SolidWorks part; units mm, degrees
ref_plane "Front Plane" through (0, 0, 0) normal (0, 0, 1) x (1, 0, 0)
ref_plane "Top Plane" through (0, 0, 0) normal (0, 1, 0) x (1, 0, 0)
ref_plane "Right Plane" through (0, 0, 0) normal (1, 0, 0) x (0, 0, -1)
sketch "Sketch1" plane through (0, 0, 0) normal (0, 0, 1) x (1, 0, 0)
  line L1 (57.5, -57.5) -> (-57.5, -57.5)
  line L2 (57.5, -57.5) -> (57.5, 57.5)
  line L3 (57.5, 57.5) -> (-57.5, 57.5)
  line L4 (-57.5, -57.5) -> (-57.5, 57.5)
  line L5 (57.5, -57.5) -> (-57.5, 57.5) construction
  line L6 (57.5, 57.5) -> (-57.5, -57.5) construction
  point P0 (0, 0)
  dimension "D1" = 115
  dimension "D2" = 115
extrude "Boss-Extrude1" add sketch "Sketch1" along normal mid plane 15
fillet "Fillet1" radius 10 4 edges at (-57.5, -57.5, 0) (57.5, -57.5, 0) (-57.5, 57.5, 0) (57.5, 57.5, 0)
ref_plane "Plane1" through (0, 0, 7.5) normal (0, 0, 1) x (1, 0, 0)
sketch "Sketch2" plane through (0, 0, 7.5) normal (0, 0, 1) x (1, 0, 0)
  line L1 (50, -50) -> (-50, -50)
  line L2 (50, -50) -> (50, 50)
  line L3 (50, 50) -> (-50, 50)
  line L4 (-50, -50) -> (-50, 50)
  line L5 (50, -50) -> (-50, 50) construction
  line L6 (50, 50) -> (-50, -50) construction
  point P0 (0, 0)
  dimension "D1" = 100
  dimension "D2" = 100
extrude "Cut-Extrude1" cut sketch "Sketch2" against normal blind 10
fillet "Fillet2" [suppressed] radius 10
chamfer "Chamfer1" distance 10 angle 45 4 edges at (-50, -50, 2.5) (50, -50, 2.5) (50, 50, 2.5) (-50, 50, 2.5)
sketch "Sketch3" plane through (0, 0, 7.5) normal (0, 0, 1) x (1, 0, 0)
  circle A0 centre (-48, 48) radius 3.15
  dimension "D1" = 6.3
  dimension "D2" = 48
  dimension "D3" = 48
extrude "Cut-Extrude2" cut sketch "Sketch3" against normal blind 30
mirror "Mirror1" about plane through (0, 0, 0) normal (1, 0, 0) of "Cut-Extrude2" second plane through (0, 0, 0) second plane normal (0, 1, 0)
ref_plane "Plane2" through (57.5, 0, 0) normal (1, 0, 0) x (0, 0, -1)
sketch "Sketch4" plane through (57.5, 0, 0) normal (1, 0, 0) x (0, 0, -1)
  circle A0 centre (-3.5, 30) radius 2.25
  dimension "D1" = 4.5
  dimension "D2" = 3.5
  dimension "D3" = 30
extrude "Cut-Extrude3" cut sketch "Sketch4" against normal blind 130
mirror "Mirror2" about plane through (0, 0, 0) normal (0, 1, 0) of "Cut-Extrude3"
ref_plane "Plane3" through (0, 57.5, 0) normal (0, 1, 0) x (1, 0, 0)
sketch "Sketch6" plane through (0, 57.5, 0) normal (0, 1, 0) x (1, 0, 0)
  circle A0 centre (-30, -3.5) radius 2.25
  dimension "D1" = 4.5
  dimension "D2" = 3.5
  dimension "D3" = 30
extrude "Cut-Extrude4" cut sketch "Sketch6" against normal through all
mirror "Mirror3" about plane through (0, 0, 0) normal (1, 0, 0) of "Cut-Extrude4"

**Task requirements:** In the lines above, spot each one that contains the word "blind" and copy it.

**Answer:**
extrude "Cut-Extrude1" cut sketch "Sketch2" against normal blind 10
extrude "Cut-Extrude2" cut sketch "Sketch3" against normal blind 30
extrude "Cut-Extrude3" cut sketch "Sketch4" against normal blind 130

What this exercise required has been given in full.